Note:
This topic has been translated from a Chinese forum by GPT and might contain errors.
Original topic: tidb sql查询数据不正确,条件不过滤。
[Overview] Scenario + Problem Summary
There is an issue with querying data in TiDB, as shown by the comparison of the following two SQL statements:
The first SQL statement can retrieve records where the id is 271535 and next_check_time is greater than 1664360160.
The correct query result is as follows:
The table structure is as follows:
CREATE TABLE temp_order_job
(
id
bigint(20) NOT NULL /*T![auto_rand] AUTO_RANDOM(4) */,
seller_id
varchar(100) NOT NULL DEFAULT ‘’,
region
varchar(20) NOT NULL DEFAULT ‘’ COMMENT ‘’,
marketplace_ids
varchar(500) NOT NULL DEFAULT ‘’ COMMENT ‘’,
start_timestamp
int(10) NOT NULL DEFAULT ‘0’ COMMENT ‘’,
end_timestamp
int(10) NOT NULL DEFAULT ‘0’ COMMENT ‘’,
request_status
int(10) NOT NULL DEFAULT ‘0’ COMMENT ‘’,
api_type
varchar(20) NOT NULL DEFAULT ‘sp’ COMMENT ‘’,
gmt_modified
datetime NOT NULL DEFAULT CURRENT_TIMESTAMP ON UPDATE CURRENT_TIMESTAMP COMMENT ‘’,
gmt_create
datetime NOT NULL DEFAULT CURRENT_TIMESTAMP COMMENT ‘’,
next_check_time
int(10) NOT NULL COMMENT ‘’,
PRIMARY KEY (id
) /*T![clustered_index] CLUSTERED */,
KEY idx-request_status-next_check_time
(request_status
,next_check_time
)
) ENGINE=InnoDB DEFAULT CHARSET=utf8mb4 COLLATE=utf8mb4_bin /*T![auto_rand_base] AUTO_RANDOM_BASE=1260001 */
[Business Impact]
Incorrect data query
[TiDB Version]
V5.4.2
It can’t be such a coincidence, have you done a BR restore?
You can test the first sentence, and also try adding the ID condition in the subquery.
Are both of these query results reproducible? Could it be that the data was modified before and after the execution of the two SQL statements? This next_check_time column is a timestamp, so it should be meaningful, right? Could it be that the status of this row was modified at a certain time?
Seeing the name with “temp,” it can’t really be a temporary table that changes frequently, right?
The update is not that fast. I repeatedly checked the phenomenon yesterday and today, and it is the same.
Is this phenomenon still present if you add the ID condition in parentheses?
Have you ever performed a BR restore?
When this situation occurred before, excluding bugs and SQL writing issues, there were mainly two reasons:
- Restoring data to a non-empty database, causing data retrieval confusion.
- Other threads frequently updating table data.

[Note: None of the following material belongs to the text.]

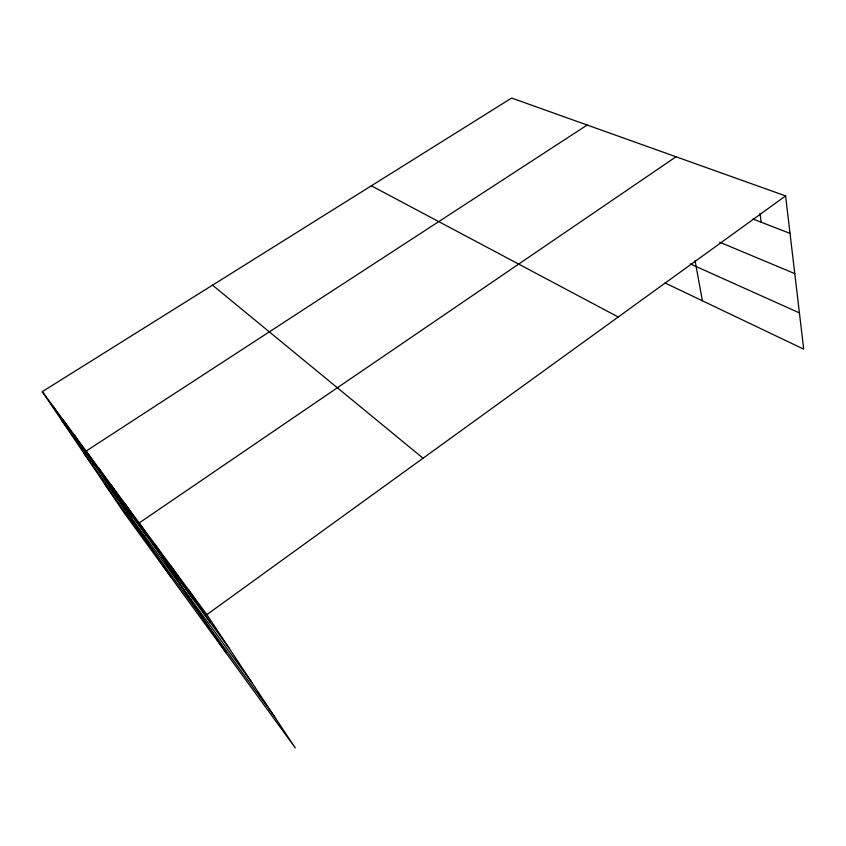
<?xml version="1.0" encoding="UTF-8"?>
<svg xmlns="http://www.w3.org/2000/svg" width="846" height="846" viewBox="0 0 846 846"><rect width="100%" height="100%" fill="white"/><g stroke="black" fill="none" stroke-linecap="round" stroke-linejoin="round"><path stroke-width="1.27" d="M785.596 195.912L511.65 98.051L42.3 391.645L124.002 512.665L295.286 747.949L206.889 614.619L785.596 195.912L803.7 349.134L664.988 282.945M676.028 156.774L139.199 522.923L226.125 652.943M587.177 125.028L86.155 451.055L170.681 576.792M752.845 218.998L790.027 233.39M719.798 242.242L794.775 273.618M690.23 263.867L799.417 312.914M371.362 185.803L618.236 317.007M212.515 285.165L423.063 458.215M42.3 391.645L206.889 614.619M62.128 421.012L228.843 647.729M83.521 452.695L252.171 682.912M104.534 483.827L274.717 716.922M74.427 435.172L94.868 465.533M63.239 420.007L83.468 450.04M52.537 405.509L72.566 435.204M111.365 485.202L132.388 516.557M98.453 467.711L119.286 498.738M124.922 503.582L146.136 535.254M171.114 566.154L192.825 598.746M154.723 543.936L176.264 576.232M188.478 589.673L210.316 622.54M695.021 260.431L702.423 300.806M759.994 213.351L761.21 222.234"/></g></svg>

In the execution result of this SQL, can you see the value of request_status for the row where id=271535? Is it 1 or 2? Should we confirm which query condition is causing the request_status value to be different in the results of the two SQL queries above?
The one above has “order by id” while the one below does not have “order by”.
The result values are as follows
The correct values are as follows
I don’t quite understand. The data below already has id=271535, so why do we still need to order by? We need to verify why the values of the two SQL queries are different. Is this a bug or a usage issue?
How about checking like this?
SELECT id, next_check_time, request_status
FROM temp_order_job
WHERE request_status = 1
AND next_check_time < 1664360160
AND id = 271535;
There shouldn’t be two databases with this table in TiDB, right? I noticed that the two SQL statements above didn’t specify the database name for the table…
In March, I used BR to migrate to this database. At that time, the target was a new cluster with no business data.
I specified the database for the query, and there is only this one table in the cluster…
You can’t find it because the correct value for id 271535 is request_status = 2.
The image is not visible. Please provide the text you need translated.
Take a look at the query results, which one has a problem?
The results are as follows:
Does this return any results?
If not, it looks like an issue with using limit and order by together…
select * from (select * from (select id, next_check_time, request_status From temp_order_job WHERE request_status = 1 AND next_check_time < 1664360160 order by id) t limit 50) tt where tt.id = 271535;
– You can consider this, should we execute the following SQL to see? Adjust the limit to query all data…
select * from (select * from (select id, next_check_time, request_status From temp_order_job WHERE request_status = 1 AND next_check_time < 1664360160 order by id) t limit 37000) tt where tt.id = 271535;
The first query has no results, it should be an issue with using order by and limit together.
The second and third queries have the same results.
Executing the subquery in the first SQL statement alone will retrieve the data with ID 271535.